***** The data *****
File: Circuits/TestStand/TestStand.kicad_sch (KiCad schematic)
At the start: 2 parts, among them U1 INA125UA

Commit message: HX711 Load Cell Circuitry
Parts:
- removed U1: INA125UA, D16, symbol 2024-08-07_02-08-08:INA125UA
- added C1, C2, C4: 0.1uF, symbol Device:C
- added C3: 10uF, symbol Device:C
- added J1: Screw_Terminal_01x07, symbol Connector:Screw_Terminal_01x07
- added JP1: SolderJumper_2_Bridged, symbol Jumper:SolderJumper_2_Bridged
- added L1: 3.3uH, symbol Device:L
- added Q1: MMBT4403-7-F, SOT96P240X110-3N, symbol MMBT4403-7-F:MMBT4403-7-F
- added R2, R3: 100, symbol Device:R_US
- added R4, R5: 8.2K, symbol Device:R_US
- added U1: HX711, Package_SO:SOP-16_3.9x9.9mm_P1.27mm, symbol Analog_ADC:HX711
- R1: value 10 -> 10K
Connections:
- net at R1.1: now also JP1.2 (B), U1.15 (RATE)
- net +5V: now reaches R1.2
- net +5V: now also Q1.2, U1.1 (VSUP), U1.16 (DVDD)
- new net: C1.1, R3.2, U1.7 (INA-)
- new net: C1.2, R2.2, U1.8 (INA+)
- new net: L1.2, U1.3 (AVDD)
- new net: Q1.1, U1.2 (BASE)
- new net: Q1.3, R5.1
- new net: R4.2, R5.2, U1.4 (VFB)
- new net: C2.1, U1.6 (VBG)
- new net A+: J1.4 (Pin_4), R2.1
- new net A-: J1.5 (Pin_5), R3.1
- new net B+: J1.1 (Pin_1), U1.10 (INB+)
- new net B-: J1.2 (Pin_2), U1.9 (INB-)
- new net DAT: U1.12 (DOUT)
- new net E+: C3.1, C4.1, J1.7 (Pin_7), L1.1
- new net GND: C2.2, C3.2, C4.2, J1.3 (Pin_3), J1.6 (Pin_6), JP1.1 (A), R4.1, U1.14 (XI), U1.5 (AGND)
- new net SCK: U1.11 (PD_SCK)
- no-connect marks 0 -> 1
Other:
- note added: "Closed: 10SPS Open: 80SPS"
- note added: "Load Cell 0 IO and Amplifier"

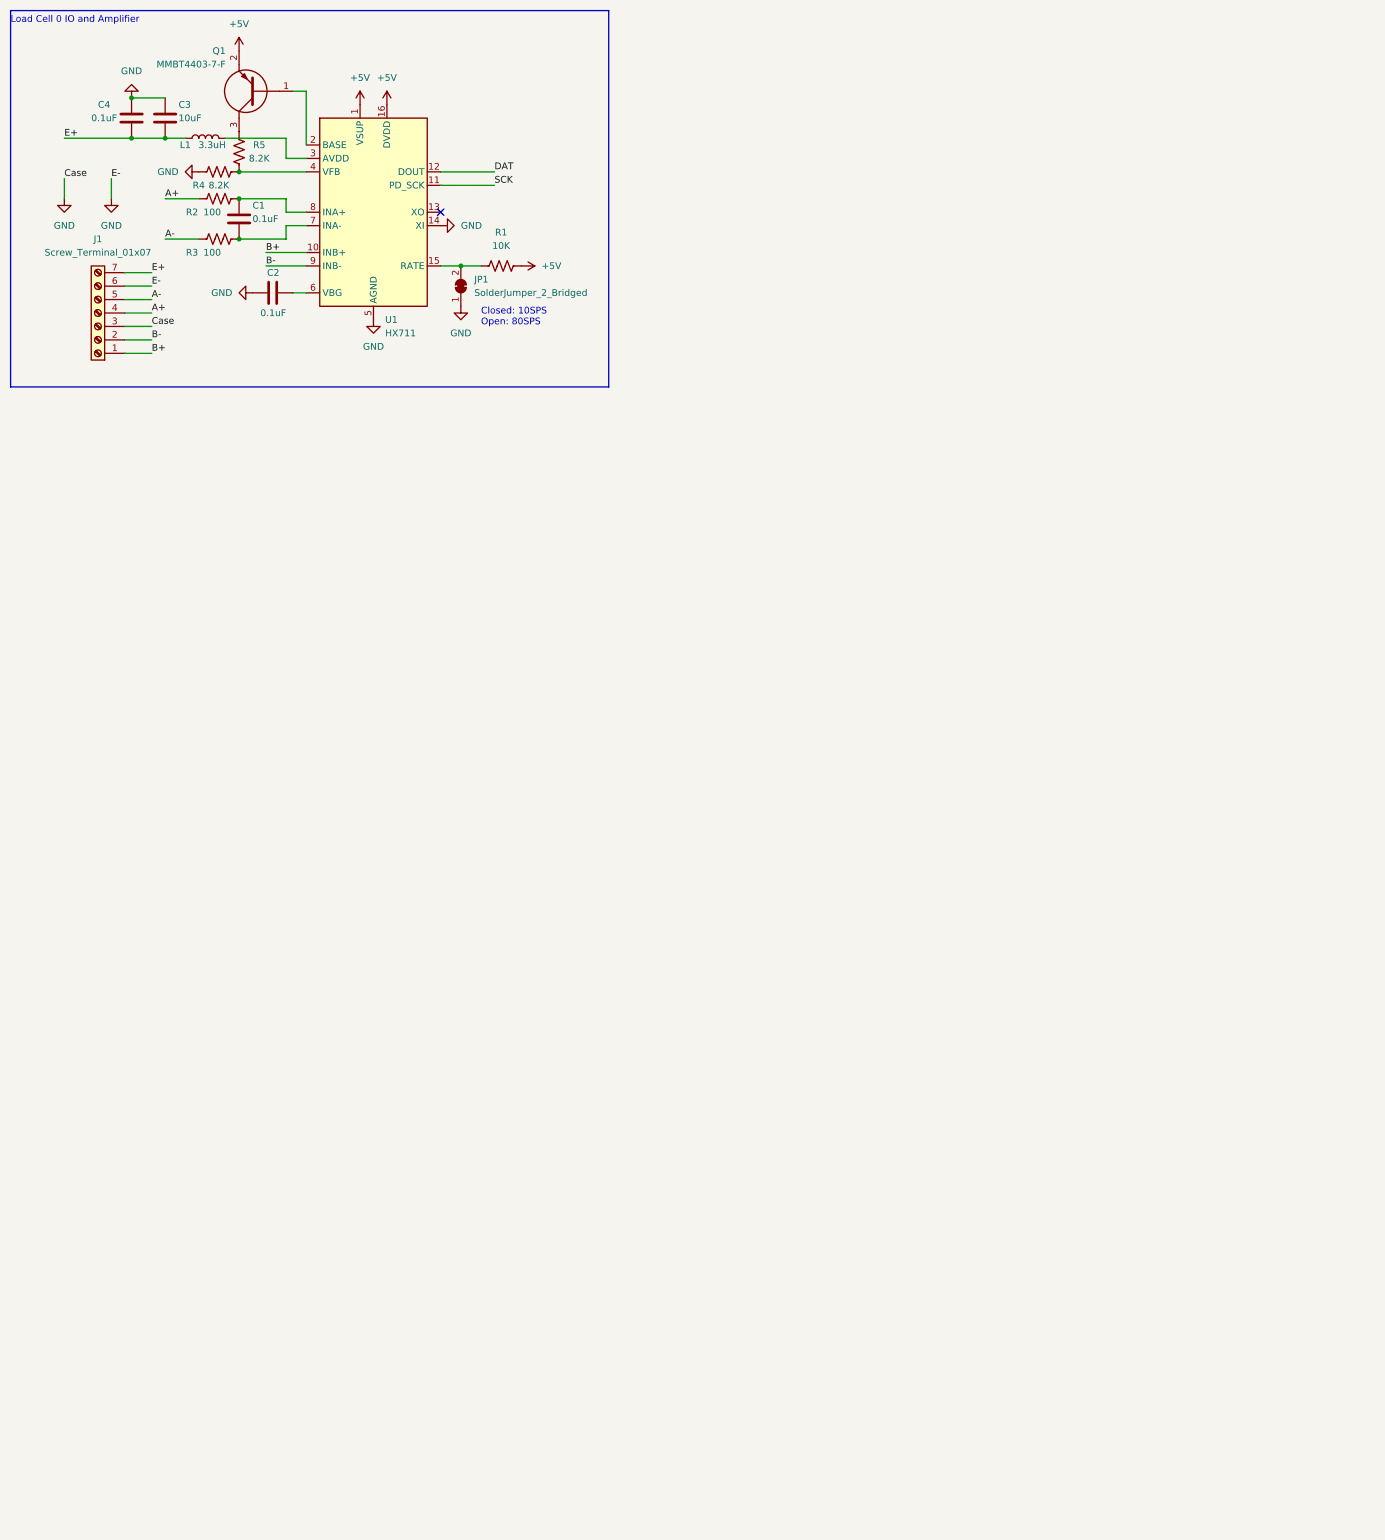
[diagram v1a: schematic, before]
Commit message: Added all 3 load cell amplifiers
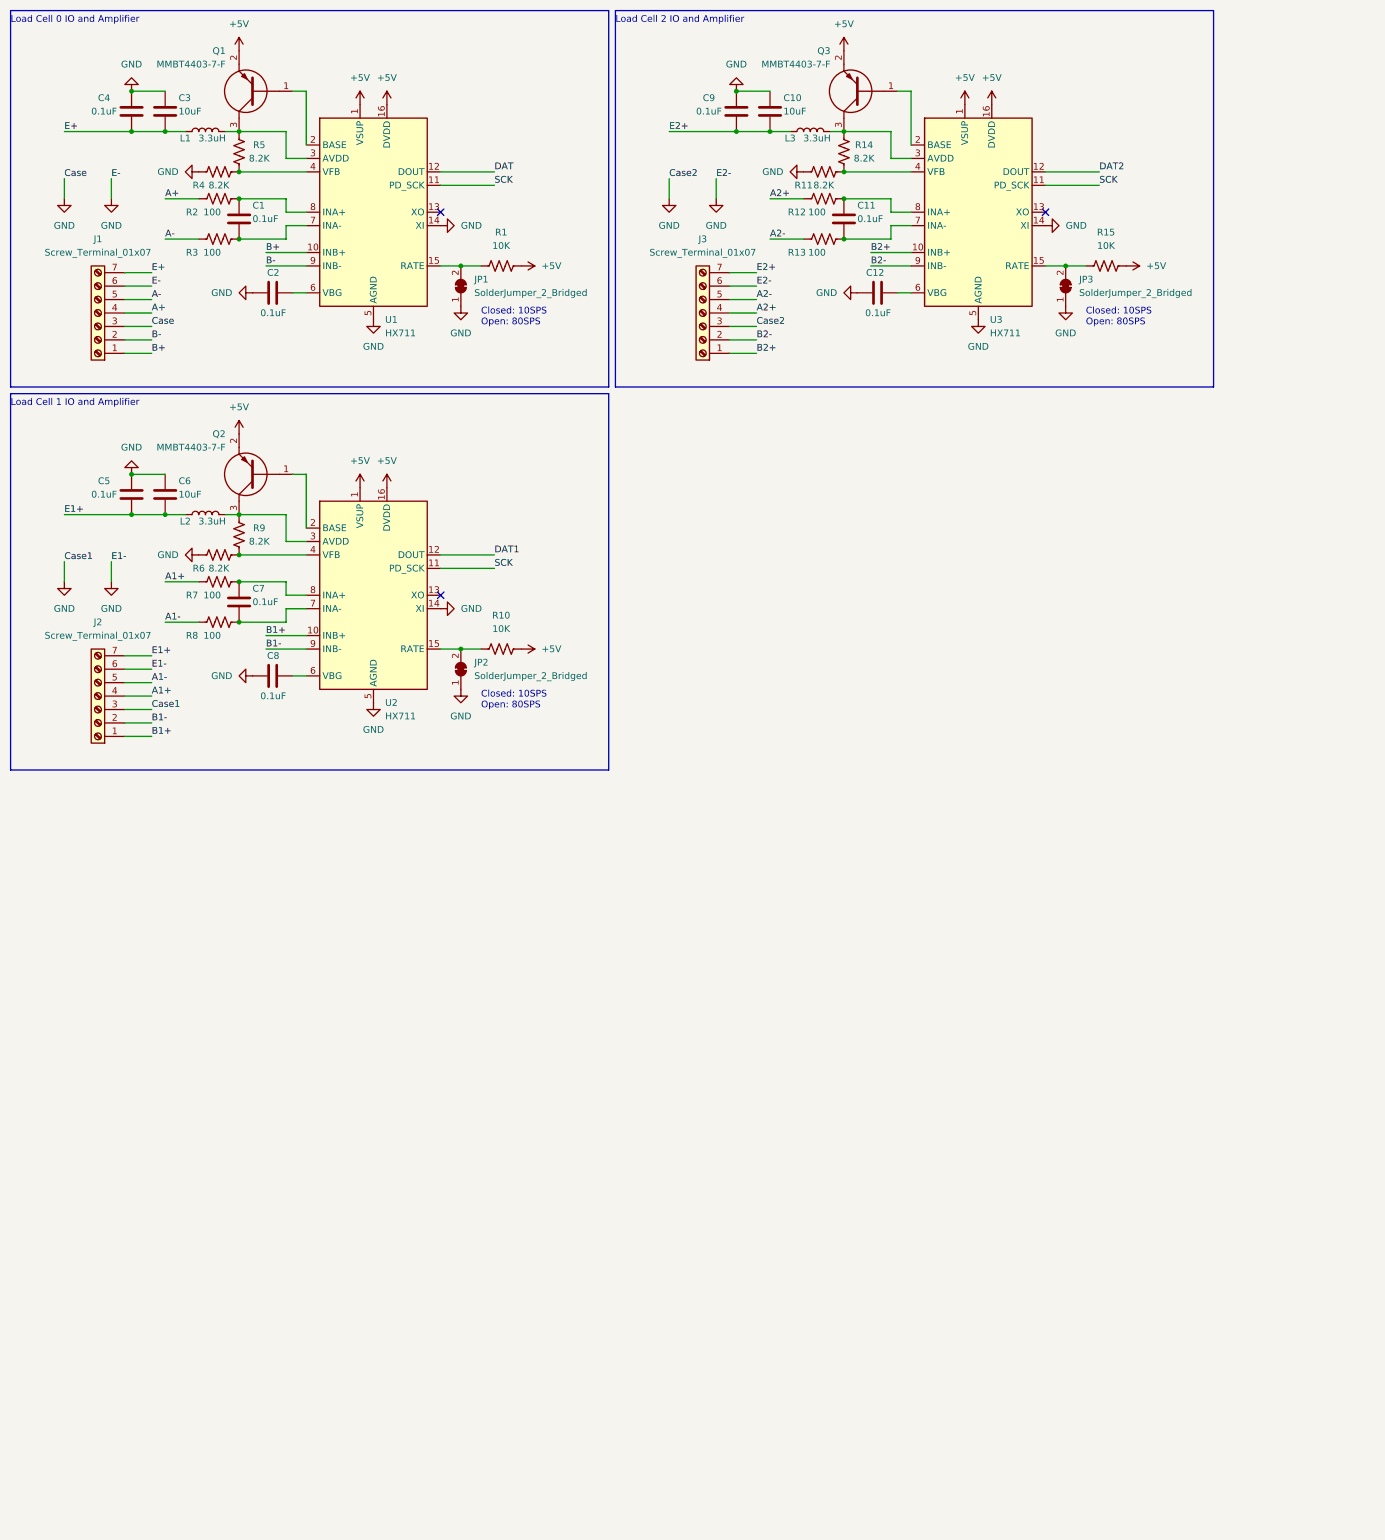
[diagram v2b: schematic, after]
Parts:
- added C10, C6: 10uF, symbol Device:C
- added C11, C12, C5, C7, C8, C9: 0.1uF, symbol Device:C
- added J2, J3: Screw_Terminal_01x07, symbol Connector:Screw_Terminal_01x07
- added JP2, JP3: SolderJumper_2_Bridged, symbol Jumper:SolderJumper_2_Bridged
- added L2, L3: 3.3uH, symbol Device:L
- added Q2, Q3: MMBT4403-7-F, SOT96P240X110-3N, symbol MMBT4403-7-F:MMBT4403-7-F
- added R10, R15: 10K, symbol Device:R_US
- added R11, R14, R6, R9: 8.2K, symbol Device:R_US
- added R12, R13, R7, R8: 100, symbol Device:R_US
- added U2, U3: HX711, Package_SO:SOP-16_3.9x9.9mm_P1.27mm, symbol Analog_ADC:HX711
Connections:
- net +5V: now also Q2.2, Q3.2, R10.2, R15.2, U2.1 (VSUP), U2.16 (DVDD), U3.1 (VSUP), U3.16 (DVDD)
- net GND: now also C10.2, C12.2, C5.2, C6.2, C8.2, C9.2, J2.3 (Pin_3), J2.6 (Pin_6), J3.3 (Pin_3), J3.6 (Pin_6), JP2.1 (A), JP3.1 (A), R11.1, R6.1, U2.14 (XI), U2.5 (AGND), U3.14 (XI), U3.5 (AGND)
*****
=== What is expected ===
All preceding records should be duplicated verbatim, images excepted.

=== Response ===
File: Circuits/TestStand/TestStand.kicad_sch (KiCad schematic)
At the start: 2 parts, among them U1 INA125UA

Commit message: HX711 Load Cell Circuitry
Parts:
- removed U1: INA125UA, D16, symbol 2024-08-07_02-08-08:INA125UA
- added C1, C2, C4: 0.1uF, symbol Device:C
- added C3: 10uF, symbol Device:C
- added J1: Screw_Terminal_01x07, symbol Connector:Screw_Terminal_01x07
- added JP1: SolderJumper_2_Bridged, symbol Jumper:SolderJumper_2_Bridged
- added L1: 3.3uH, symbol Device:L
- added Q1: MMBT4403-7-F, SOT96P240X110-3N, symbol MMBT4403-7-F:MMBT4403-7-F
- added R2, R3: 100, symbol Device:R_US
- added R4, R5: 8.2K, symbol Device:R_US
- added U1: HX711, Package_SO:SOP-16_3.9x9.9mm_P1.27mm, symbol Analog_ADC:HX711
- R1: value 10 -> 10K
Connections:
- net at R1.1: now also JP1.2 (B), U1.15 (RATE)
- net +5V: now reaches R1.2
- net +5V: now also Q1.2, U1.1 (VSUP), U1.16 (DVDD)
- new net: C1.1, R3.2, U1.7 (INA-)
- new net: C1.2, R2.2, U1.8 (INA+)
- new net: L1.2, U1.3 (AVDD)
- new net: Q1.1, U1.2 (BASE)
- new net: Q1.3, R5.1
- new net: R4.2, R5.2, U1.4 (VFB)
- new net: C2.1, U1.6 (VBG)
- new net A+: J1.4 (Pin_4), R2.1
- new net A-: J1.5 (Pin_5), R3.1
- new net B+: J1.1 (Pin_1), U1.10 (INB+)
- new net B-: J1.2 (Pin_2), U1.9 (INB-)
- new net DAT: U1.12 (DOUT)
- new net E+: C3.1, C4.1, J1.7 (Pin_7), L1.1
- new net GND: C2.2, C3.2, C4.2, J1.3 (Pin_3), J1.6 (Pin_6), JP1.1 (A), R4.1, U1.14 (XI), U1.5 (AGND)
- new net SCK: U1.11 (PD_SCK)
- no-connect marks 0 -> 1
Other:
- note added: "Closed: 10SPS Open: 80SPS"
- note added: "Load Cell 0 IO and Amplifier"

[diagram v1a: schematic, before]
Commit message: Added all 3 load cell amplifiers
[diagram v2b: schematic, after]
Parts:
- added C10, C6: 10uF, symbol Device:C
- added C11, C12, C5, C7, C8, C9: 0.1uF, symbol Device:C
- added J2, J3: Screw_Terminal_01x07, symbol Connector:Screw_Terminal_01x07
- added JP2, JP3: SolderJumper_2_Bridged, symbol Jumper:SolderJumper_2_Bridged
- added L2, L3: 3.3uH, symbol Device:L
- added Q2, Q3: MMBT4403-7-F, SOT96P240X110-3N, symbol MMBT4403-7-F:MMBT4403-7-F
- added R10, R15: 10K, symbol Device:R_US
- added R11, R14, R6, R9: 8.2K, symbol Device:R_US
- added R12, R13, R7, R8: 100, symbol Device:R_US
- added U2, U3: HX711, Package_SO:SOP-16_3.9x9.9mm_P1.27mm, symbol Analog_ADC:HX711
Connections:
- net +5V: now also Q2.2, Q3.2, R10.2, R15.2, U2.1 (VSUP), U2.16 (DVDD), U3.1 (VSUP), U3.16 (DVDD)
- net GND: now also C10.2, C12.2, C5.2, C6.2, C8.2, C9.2, J2.3 (Pin_3), J2.6 (Pin_6), J3.3 (Pin_3), J3.6 (Pin_6), JP2.1 (A), JP3.1 (A), R11.1, R6.1, U2.14 (XI), U2.5 (AGND), U3.14 (XI), U3.5 (AGND)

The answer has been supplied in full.